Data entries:
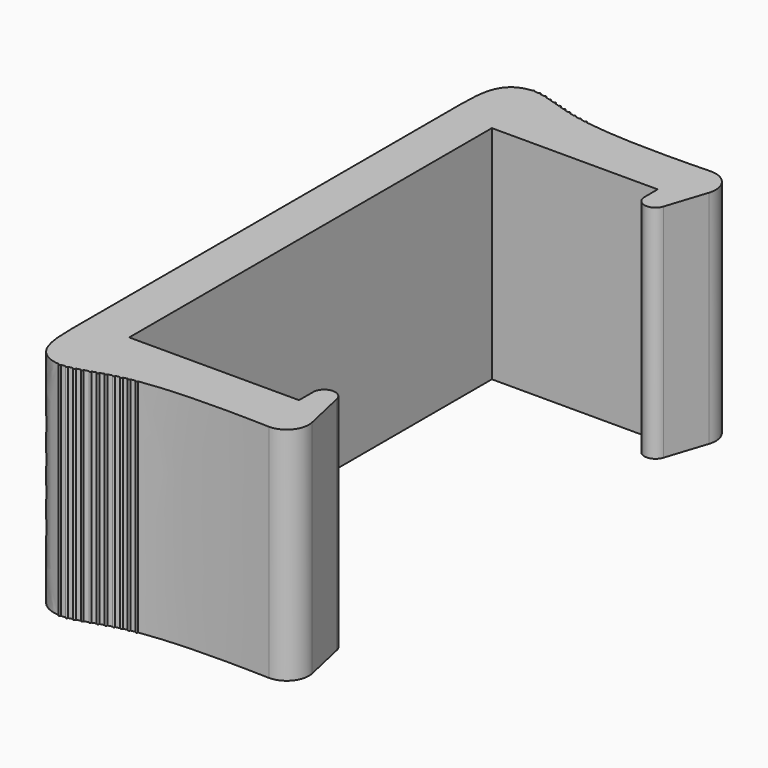
from build123d import *

# Parameters (mm, degrees)
F1_DEPTH = 10


with BuildPart() as f1:
    # F0 (on Top) → F1 (new body)
    with BuildSketch(Plane.XY):
        with BuildLine():
            add(Edge.make_bspline(
                [(-6, 11), (-5.9970486909, 11.7636909708), (-5.9267124346, 12.9377007904), (-5.0860900805, 13.3658969005), (-4.6793339712, 13.3827062938)],
                knots=[0, 0, 0, 0, 0.2094161864, 0.3671570668, 0.3671570668, 0.3671570668, 0.3671570668], degree=3))
            Line((-6, 11), (-6, -11))
            add(Edge.make_bspline(
                [(-6, -11), (-5.9970486909, -11.7636909708), (-5.9267124346, -12.9377007904), (-5.0860900805, -13.3658969005), (-4.6793339712, -13.3827062938)],
                knots=[0, 0, 0, 0, 0.2094161864, 0.3671570668, 0.3671570668, 0.3671570668, 0.3671570668], degree=3))
            add(Edge.make_bspline(
                [(-4.6793339712, -13.3827062938), (-4.6627459278, -13.3833918027), (-4.6295547085, -13.3842034837), (-4.5960885956, -13.3839043266), (-4.5793507778, -13.3834900812)],
                knots=[0.3671570668, 0.3671570668, 0.3671570668, 0.3671570668, 0.3735899451, 0.3799701109, 0.3799701109, 0.3799701109, 0.3799701109], degree=3))
            add(Edge.make_bspline(
                [(-4.5793507778, -13.3834900812), (-4.5137492525, -13.3818665042), (-4.447017118, -13.3761678251), (-4.3788267501, -13.3670049555)],
                knots=[0.3799701109, 0.3799701109, 0.3799701109, 0.3799701109, 0.4049762741, 0.4049762741, 0.4049762741, 0.4049762741], degree=3))
            add(Edge.make_bspline(
                [(-4.3788267501, -13.3670049555), (-4.3462400472, -13.3626262182), (-4.3133203309, -13.3574563716), (-4.2800318468, -13.3515620856)],
                knots=[0.4049762741, 0.4049762741, 0.4049762741, 0.4049762741, 0.416926179, 0.416926179, 0.416926179, 0.416926179], degree=3))
            add(Edge.make_bspline(
                [(-4.2800318468, -13.3515620856), (-4.2162228319, -13.3402636264), (-4.1510588491, -13.326303351), (-4.0842880773, -13.3101508235)],
                knots=[0.416926179, 0.416926179, 0.416926179, 0.416926179, 0.4398323486, 0.4398323486, 0.4398323486, 0.4398323486], degree=3))
            add(Edge.make_bspline(
                [(-4.0842880773, -13.3101508235), (-4.0523583298, -13.3024266934), (-4.0200611503, -13.2942012507), (-3.9873690016, -13.2855258431)],
                knots=[0.4398323486, 0.4398323486, 0.4398323486, 0.4398323486, 0.4507860667, 0.4507860667, 0.4507860667, 0.4507860667], degree=3))
            add(Edge.make_bspline(
                [(-3.9873690016, -13.2855258431), (-3.9246382724, -13.2688791967), (-3.8604533002, -13.2505758181), (-3.7946195353, -13.2309784783)],
                knots=[0.4507860667, 0.4507860667, 0.4507860667, 0.4507860667, 0.4718044074, 0.4718044074, 0.4718044074, 0.4718044074], degree=3))
            add(Edge.make_bspline(
                [(-3.7946195353, -13.2309784783), (-3.7632564746, -13.2216423487), (-3.7315192124, -13.2120125484), (-3.6993867139, -13.2021283004)],
                knots=[0.4718044074, 0.4718044074, 0.4718044074, 0.4718044074, 0.4818174986, 0.4818174986, 0.4818174986, 0.4818174986], degree=3))
            add(Edge.make_bspline(
                [(-3.6993867139, -13.2021283004), (-3.6372258613, -13.1830070584), (-3.5735858942, -13.1629335829), (-3.5083145277, -13.1421918355)],
                knots=[0.4818174986, 0.4818174986, 0.4818174986, 0.4818174986, 0.5011879902, 0.5011879902, 0.5011879902, 0.5011879902], degree=3))
            add(Edge.make_bspline(
                [(-3.5083145277, -13.1421918355), (-3.4769357527, -13.1322203785), (-3.4451799382, -13.1220944743), (-3.4130301643, -13.111845673)],
                knots=[0.5011879902, 0.5011879902, 0.5011879902, 0.5011879902, 0.5105002251, 0.5105002251, 0.5105002251, 0.5105002251], degree=3))
            add(Edge.make_bspline(
                [(-3.4130301643, -13.111845673), (-3.3509917517, -13.0920688819), (-3.2874863837, -13.0718344683), (-3.222392485, -13.0513691302)],
                knots=[0.5105002251, 0.5105002251, 0.5105002251, 0.5105002251, 0.5284697533, 0.5284697533, 0.5284697533, 0.5284697533], degree=3))
            add(Edge.make_bspline(
                [(-3.222392485, -13.0513691302), (-3.1909482676, -13.041483157), (-3.1591333724, -13.0315432983), (-3.1269340954, -13.0215751077)],
                knots=[0.5284697533, 0.5284697533, 0.5284697533, 0.5284697533, 0.5371501022, 0.5371501022, 0.5371501022, 0.5371501022], degree=3))
            add(Edge.make_bspline(
                [(-3.1269340954, -13.0215751077), (-3.0646065128, -13.0022798539), (-3.0008387027, -12.9828784438), (-2.9355312735, -12.96355621)],
                knots=[0.5371501022, 0.5371501022, 0.5371501022, 0.5371501022, 0.5539525032, 0.5539525032, 0.5539525032, 0.5539525032], degree=3))
            add(Edge.make_bspline(
                [(-2.9355312735, -12.96355621), (-2.9038965651, -12.9541965821), (-2.8719006001, -12.9448555322), (-2.8395320818, -12.9355541249)],
                knots=[0.5539525032, 0.5539525032, 0.5539525032, 0.5539525032, 0.5620915321, 0.5620915321, 0.5620915321, 0.5620915321], degree=3))
            add(Edge.make_bspline(
                [(-2.8395320818, -12.9355541249), (-2.7767266478, -12.917506375), (-2.7125186027, -12.8996078741), (-2.6468254236, -12.8820125007)],
                knots=[0.5620915321, 0.5620915321, 0.5620915321, 0.5620915321, 0.5778838906, 0.5778838906, 0.5778838906, 0.5778838906], degree=3))
            add(Edge.make_bspline(
                [(-2.6468254236, -12.8820125007), (-2.6149376531, -12.8734716257), (-2.5826999587, -12.8650021729), (-2.5501029025, -12.8566217414)],
                knots=[0.5778838906, 0.5778838906, 0.5778838906, 0.5778838906, 0.5855495739, 0.5855495739, 0.5855495739, 0.5855495739], degree=3))
            add(Edge.make_bspline(
                [(-2.5501029025, -12.8566217414), (-2.4867404351, -12.8403317791), (-2.4220201564, -12.8243781744), (-2.3558727479, -12.8088901834)],
                knots=[0.5855495739, 0.5855495739, 0.5855495739, 0.5855495739, 0.6004502018, 0.6004502018, 0.6004502018, 0.6004502018], degree=3))
            add(Edge.make_bspline(
                [(-2.3558727479, -12.8088901834), (-2.3237146214, -12.8013605645), (-2.2912191926, -12.7939409935), (-2.2583784966, -12.7866463223)],
                knots=[0.6004502018, 0.6004502018, 0.6004502018, 0.6004502018, 0.6076942691, 0.6076942691, 0.6076942691, 0.6076942691], degree=3))
            add(Edge.make_bspline(
                [(-2.2583784966, -12.7866463223), (-2.2010502926, -12.7739124145), (-2.1359549089, -12.7601382025), (-2.0694987676, -12.7469354112), (-2.0626289793, -12.7455795058)],
                knots=[0.6076942691, 0.6076942691, 0.6076942691, 0.6076942691, 0.6203398405, 0.6217943665, 0.6217943665, 0.6217943665, 0.6217943665], degree=3))
            add(Edge.make_bspline(
                [(-2.0626289793, -12.7455795058), (-2.0302056599, -12.7391800432), (-1.9974624251, -12.7329155042), (-1.964411746, -12.7267833983)],
                knots=[0.6217943665, 0.6217943665, 0.6217943665, 0.6217943665, 0.6286592883, 0.6286592883, 0.6286592883, 0.6286592883], degree=3))
            add(Edge.make_bspline(
                [(-1.964411746, -12.7267833983), (-1.8984355403, -12.7145424067), (-1.8312342101, -12.7028291434), (-1.7629069602, -12.6916237976)],
                knots=[0.6286592883, 0.6286592883, 0.6286592883, 0.6286592883, 0.6423631366, 0.6423631366, 0.6423631366, 0.6423631366], degree=3))
            add(Edge.make_bspline(
                [(-1.7629069602, -12.6916237976), (-1.7302421097, -12.6862669166), (-1.6973199348, -12.6810261181), (-1.6641512747, -12.6758992375)],
                knots=[0.6423631366, 0.6423631366, 0.6423631366, 0.6423631366, 0.6489144636, 0.6489144636, 0.6489144636, 0.6489144636], degree=3))
            add(Edge.make_bspline(
                [(-1.6641512747, -12.6758992375), (0.1133568257, -12.4011497686), (2.5987426278, -12.4535597596), (4.1238214885, -12.5)],
                knots=[0.6489144636, 0.6489144636, 0.6489144636, 0.6489144636, 1, 1, 1, 1], degree=3))
            ThreePointArc((4.1238214885, -12.5), (4.9044394426, -12.1250084877), (5.0996071824, -11.2812712193))
            Line((5.0996071824, -11.2812712193), (4.6751757339, -9.3878115006))
            ThreePointArc((4.6751757339, -9.3878115006), (4.123308576, -8.9559376665), (3.6816498572, -9.5000056261))
            Line((3.6816498572, -9.5000056261), (3.6780919435, -10.2499971869))
            Line((3.6780919435, -10.2499971869), (-4, -10.2499971869))
            Line((-4, -10.2499971869), (-4, 10.25))
            Line((-4, 10.25), (3.5, 10.25))
            Line((3.5, 10.25), (3.5, 9.5))
            ThreePointArc((3.5, 9.5), (3.9218174765, 9.0061503336), (4.475549972, 9.3455583473))
            Line((4.475549972, 9.3455583473), (5.0749214326, 11.1911166946))
            ThreePointArc((5.0749214326, 11.1911166946), (4.9327971696, 12.0878421109), (4.1238214885, 12.5))
            add(Edge.make_bspline(
                [(-1.6641512747, 12.6758992375), (0.1133568257, 12.4011497686), (2.5987426278, 12.4535597596), (4.1238214885, 12.5)],
                knots=[0.6489144636, 0.6489144636, 0.6489144636, 0.6489144636, 1, 1, 1, 1], degree=3))
            add(Edge.make_bspline(
                [(-1.7629069602, 12.6916237976), (-1.7302421097, 12.6862669166), (-1.6973199348, 12.6810261181), (-1.6641512747, 12.6758992375)],
                knots=[0.6423631366, 0.6423631366, 0.6423631366, 0.6423631366, 0.6489144636, 0.6489144636, 0.6489144636, 0.6489144636], degree=3))
            add(Edge.make_bspline(
                [(-1.964411746, 12.7267833983), (-1.8984355403, 12.7145424067), (-1.8312342101, 12.7028291434), (-1.7629069602, 12.6916237976)],
                knots=[0.6286592883, 0.6286592883, 0.6286592883, 0.6286592883, 0.6423631366, 0.6423631366, 0.6423631366, 0.6423631366], degree=3))
            add(Edge.make_bspline(
                [(-2.0626289793, 12.7455795058), (-2.0302056599, 12.7391800432), (-1.9974624251, 12.7329155042), (-1.964411746, 12.7267833983)],
                knots=[0.6217943665, 0.6217943665, 0.6217943665, 0.6217943665, 0.6286592883, 0.6286592883, 0.6286592883, 0.6286592883], degree=3))
            add(Edge.make_bspline(
                [(-2.2583784966, 12.7866463223), (-2.2010502926, 12.7739124145), (-2.1359549089, 12.7601382025), (-2.0694987676, 12.7469354112), (-2.0626289793, 12.7455795058)],
                knots=[0.6076942691, 0.6076942691, 0.6076942691, 0.6076942691, 0.6203398405, 0.6217943665, 0.6217943665, 0.6217943665, 0.6217943665], degree=3))
            add(Edge.make_bspline(
                [(-2.3558727479, 12.8088901834), (-2.3237146214, 12.8013605645), (-2.2912191926, 12.7939409935), (-2.2583784966, 12.7866463223)],
                knots=[0.6004502018, 0.6004502018, 0.6004502018, 0.6004502018, 0.6076942691, 0.6076942691, 0.6076942691, 0.6076942691], degree=3))
            add(Edge.make_bspline(
                [(-2.5501029025, 12.8566217414), (-2.4867404351, 12.8403317791), (-2.4220201564, 12.8243781744), (-2.3558727479, 12.8088901834)],
                knots=[0.5855495739, 0.5855495739, 0.5855495739, 0.5855495739, 0.6004502018, 0.6004502018, 0.6004502018, 0.6004502018], degree=3))
            add(Edge.make_bspline(
                [(-2.6468254236, 12.8820125007), (-2.6149376531, 12.8734716257), (-2.5826999587, 12.8650021729), (-2.5501029025, 12.8566217414)],
                knots=[0.5778838906, 0.5778838906, 0.5778838906, 0.5778838906, 0.5855495739, 0.5855495739, 0.5855495739, 0.5855495739], degree=3))
            add(Edge.make_bspline(
                [(-2.8395320818, 12.9355541249), (-2.7767266478, 12.917506375), (-2.7125186027, 12.8996078741), (-2.6468254236, 12.8820125007)],
                knots=[0.5620915321, 0.5620915321, 0.5620915321, 0.5620915321, 0.5778838906, 0.5778838906, 0.5778838906, 0.5778838906], degree=3))
            add(Edge.make_bspline(
                [(-2.9355312735, 12.96355621), (-2.9038965651, 12.9541965821), (-2.8719006001, 12.9448555322), (-2.8395320818, 12.9355541249)],
                knots=[0.5539525032, 0.5539525032, 0.5539525032, 0.5539525032, 0.5620915321, 0.5620915321, 0.5620915321, 0.5620915321], degree=3))
            add(Edge.make_bspline(
                [(-3.1269340954, 13.0215751077), (-3.0646065128, 13.0022798539), (-3.0008387027, 12.9828784438), (-2.9355312735, 12.96355621)],
                knots=[0.5371501022, 0.5371501022, 0.5371501022, 0.5371501022, 0.5539525032, 0.5539525032, 0.5539525032, 0.5539525032], degree=3))
            add(Edge.make_bspline(
                [(-3.222392485, 13.0513691302), (-3.1909482676, 13.041483157), (-3.1591333724, 13.0315432983), (-3.1269340954, 13.0215751077)],
                knots=[0.5284697533, 0.5284697533, 0.5284697533, 0.5284697533, 0.5371501022, 0.5371501022, 0.5371501022, 0.5371501022], degree=3))
            add(Edge.make_bspline(
                [(-3.4130301643, 13.111845673), (-3.3509917517, 13.0920688819), (-3.2874863837, 13.0718344683), (-3.222392485, 13.0513691302)],
                knots=[0.5105002251, 0.5105002251, 0.5105002251, 0.5105002251, 0.5284697533, 0.5284697533, 0.5284697533, 0.5284697533], degree=3))
            add(Edge.make_bspline(
                [(-3.5083145277, 13.1421918355), (-3.4769357527, 13.1322203785), (-3.4451799382, 13.1220944743), (-3.4130301643, 13.111845673)],
                knots=[0.5011879902, 0.5011879902, 0.5011879902, 0.5011879902, 0.5105002251, 0.5105002251, 0.5105002251, 0.5105002251], degree=3))
            add(Edge.make_bspline(
                [(-3.6993867139, 13.2021283004), (-3.6372258613, 13.1830070584), (-3.5735858942, 13.1629335829), (-3.5083145277, 13.1421918355)],
                knots=[0.4818174986, 0.4818174986, 0.4818174986, 0.4818174986, 0.5011879902, 0.5011879902, 0.5011879902, 0.5011879902], degree=3))
            add(Edge.make_bspline(
                [(-3.7946195353, 13.2309784783), (-3.7632564746, 13.2216423487), (-3.7315192124, 13.2120125484), (-3.6993867139, 13.2021283004)],
                knots=[0.4718044074, 0.4718044074, 0.4718044074, 0.4718044074, 0.4818174986, 0.4818174986, 0.4818174986, 0.4818174986], degree=3))
            add(Edge.make_bspline(
                [(-3.9873690016, 13.2855258431), (-3.9246382724, 13.2688791967), (-3.8604533002, 13.2505758181), (-3.7946195353, 13.2309784783)],
                knots=[0.4507860667, 0.4507860667, 0.4507860667, 0.4507860667, 0.4718044074, 0.4718044074, 0.4718044074, 0.4718044074], degree=3))
            add(Edge.make_bspline(
                [(-4.0842880773, 13.3101508235), (-4.0523583298, 13.3024266934), (-4.0200611503, 13.2942012507), (-3.9873690016, 13.2855258431)],
                knots=[0.4398323486, 0.4398323486, 0.4398323486, 0.4398323486, 0.4507860667, 0.4507860667, 0.4507860667, 0.4507860667], degree=3))
            add(Edge.make_bspline(
                [(-4.2800318468, 13.3515620856), (-4.2162228319, 13.3402636264), (-4.1510588491, 13.326303351), (-4.0842880773, 13.3101508235)],
                knots=[0.416926179, 0.416926179, 0.416926179, 0.416926179, 0.4398323486, 0.4398323486, 0.4398323486, 0.4398323486], degree=3))
            add(Edge.make_bspline(
                [(-4.3788267501, 13.3670049555), (-4.3462400472, 13.3626262182), (-4.3133203309, 13.3574563716), (-4.2800318468, 13.3515620856)],
                knots=[0.4049762741, 0.4049762741, 0.4049762741, 0.4049762741, 0.416926179, 0.416926179, 0.416926179, 0.416926179], degree=3))
            add(Edge.make_bspline(
                [(-4.5793507778, 13.3834900812), (-4.5137492525, 13.3818665042), (-4.447017118, 13.3761678251), (-4.3788267501, 13.3670049555)],
                knots=[0.3799701109, 0.3799701109, 0.3799701109, 0.3799701109, 0.4049762741, 0.4049762741, 0.4049762741, 0.4049762741], degree=3))
            add(Edge.make_bspline(
                [(-4.6793339712, 13.3827062938), (-4.6627459278, 13.3833918027), (-4.6295547085, 13.3842034837), (-4.5960885956, 13.3839043266), (-4.5793507778, 13.3834900812)],
                knots=[0.3671570668, 0.3671570668, 0.3671570668, 0.3671570668, 0.3735899451, 0.3799701109, 0.3799701109, 0.3799701109, 0.3799701109], degree=3))
        make_face()
        with BuildLine():
            ThreePointArc((-4.5793507778, 13.3834900812), (-4.6297408179, 13.4339252875), (-4.6793339712, 13.3827062938))
            add(Edge.make_bspline(
                [(-4.6793339712, 13.3827062938), (-4.6627459278, 13.3833918027), (-4.6295547085, 13.3842034837), (-4.5960885956, 13.3839043266), (-4.5793507778, 13.3834900812)],
                knots=[0.3671570668, 0.3671570668, 0.3671570668, 0.3671570668, 0.3735899451, 0.3799701109, 0.3799701109, 0.3799701109, 0.3799701109], degree=3))
        make_face()
        with BuildLine():
            add(Edge.make_bspline(
                [(-4.6793339712, -13.3827062938), (-4.6627459278, -13.3833918027), (-4.6295547085, -13.3842034837), (-4.5960885956, -13.3839043266), (-4.5793507778, -13.3834900812)],
                knots=[0.3671570668, 0.3671570668, 0.3671570668, 0.3671570668, 0.3735899451, 0.3799701109, 0.3799701109, 0.3799701109, 0.3799701109], degree=3))
            ThreePointArc((-4.6793339712, -13.3827062938), (-4.6297408179, -13.4339252875), (-4.5793507778, -13.3834900812))
        make_face()
        with BuildLine():
            ThreePointArc((-4.2800318468, 13.3515620856), (-4.3216270165, 13.409198186), (-4.3788267501, 13.3670049555))
            add(Edge.make_bspline(
                [(-4.3788267501, 13.3670049555), (-4.3462400472, 13.3626262182), (-4.3133203309, 13.3574563716), (-4.2800318468, 13.3515620856)],
                knots=[0.4049762741, 0.4049762741, 0.4049762741, 0.4049762741, 0.416926179, 0.416926179, 0.416926179, 0.416926179], degree=3))
        make_face()
        with BuildLine():
            add(Edge.make_bspline(
                [(-4.3788267501, -13.3670049555), (-4.3462400472, -13.3626262182), (-4.3133203309, -13.3574563716), (-4.2800318468, -13.3515620856)],
                knots=[0.4049762741, 0.4049762741, 0.4049762741, 0.4049762741, 0.416926179, 0.416926179, 0.416926179, 0.416926179], degree=3))
            ThreePointArc((-4.3788267501, -13.3670049555), (-4.3216270165, -13.409198186), (-4.2800318468, -13.3515620856))
        make_face()
        with BuildLine():
            ThreePointArc((-3.9873690016, 13.2855258431), (-4.0234480756, 13.3465654022), (-4.0842880773, 13.3101508235))
            add(Edge.make_bspline(
                [(-4.0842880773, 13.3101508235), (-4.0523583298, 13.3024266934), (-4.0200611503, 13.2942012507), (-3.9873690016, 13.2855258431)],
                knots=[0.4398323486, 0.4398323486, 0.4398323486, 0.4398323486, 0.4507860667, 0.4507860667, 0.4507860667, 0.4507860667], degree=3))
        make_face()
        with BuildLine():
            add(Edge.make_bspline(
                [(-4.0842880773, -13.3101508235), (-4.0523583298, -13.3024266934), (-4.0200611503, -13.2942012507), (-3.9873690016, -13.2855258431)],
                knots=[0.4398323486, 0.4398323486, 0.4398323486, 0.4398323486, 0.4507860667, 0.4507860667, 0.4507860667, 0.4507860667], degree=3))
            ThreePointArc((-4.0842880773, -13.3101508235), (-4.0234480756, -13.3465654022), (-3.9873690016, -13.2855258431))
        make_face()
        with BuildLine():
            ThreePointArc((-3.6993867139, 13.2021283004), (-3.7339443978, 13.2596595153), (-3.7946195353, 13.2309784783))
            add(Edge.make_bspline(
                [(-3.7946195353, 13.2309784783), (-3.7632564746, 13.2216423487), (-3.7315192124, 13.2120125484), (-3.6993867139, 13.2021283004)],
                knots=[0.4718044074, 0.4718044074, 0.4718044074, 0.4718044074, 0.4818174986, 0.4818174986, 0.4818174986, 0.4818174986], degree=3))
        make_face()
        with BuildLine():
            add(Edge.make_bspline(
                [(-3.7946195353, -13.2309784783), (-3.7632564746, -13.2216423487), (-3.7315192124, -13.2120125484), (-3.6993867139, -13.2021283004)],
                knots=[0.4718044074, 0.4718044074, 0.4718044074, 0.4718044074, 0.4818174986, 0.4818174986, 0.4818174986, 0.4818174986], degree=3))
            ThreePointArc((-3.7946195353, -13.2309784783), (-3.7339443978, -13.2596595153), (-3.6993867139, -13.2021283004))
        make_face()
        with BuildLine():
            ThreePointArc((-3.4130301643, 13.111845673), (-3.4454958249, 13.1746717367), (-3.5083145277, 13.1421918355))
            add(Edge.make_bspline(
                [(-3.5083145277, 13.1421918355), (-3.4769357527, 13.1322203785), (-3.4451799382, 13.1220944743), (-3.4130301643, 13.111845673)],
                knots=[0.5011879902, 0.5011879902, 0.5011879902, 0.5011879902, 0.5105002251, 0.5105002251, 0.5105002251, 0.5105002251], degree=3))
        make_face()
        with BuildLine():
            add(Edge.make_bspline(
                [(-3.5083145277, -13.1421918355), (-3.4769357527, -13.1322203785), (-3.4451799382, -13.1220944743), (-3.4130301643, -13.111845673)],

> **Exercise aim**:
Transcribe, from the records above, the first line and every line after it up to and including the line with "Line((-6, 11), (-6, -11))"; omit pictures.

> **Output below**:
from build123d import *

# Parameters (mm, degrees)
F1_DEPTH = 10


with BuildPart() as f1:
    # F0 (on Top) → F1 (new body)
    with BuildSketch(Plane.XY):
        with BuildLine():
            add(Edge.make_bspline(
                [(-6, 11), (-5.9970486909, 11.7636909708), (-5.9267124346, 12.9377007904), (-5.0860900805, 13.3658969005), (-4.6793339712, 13.3827062938)],
                knots=[0, 0, 0, 0, 0.2094161864, 0.3671570668, 0.3671570668, 0.3671570668, 0.3671570668], degree=3))
            Line((-6, 11), (-6, -11))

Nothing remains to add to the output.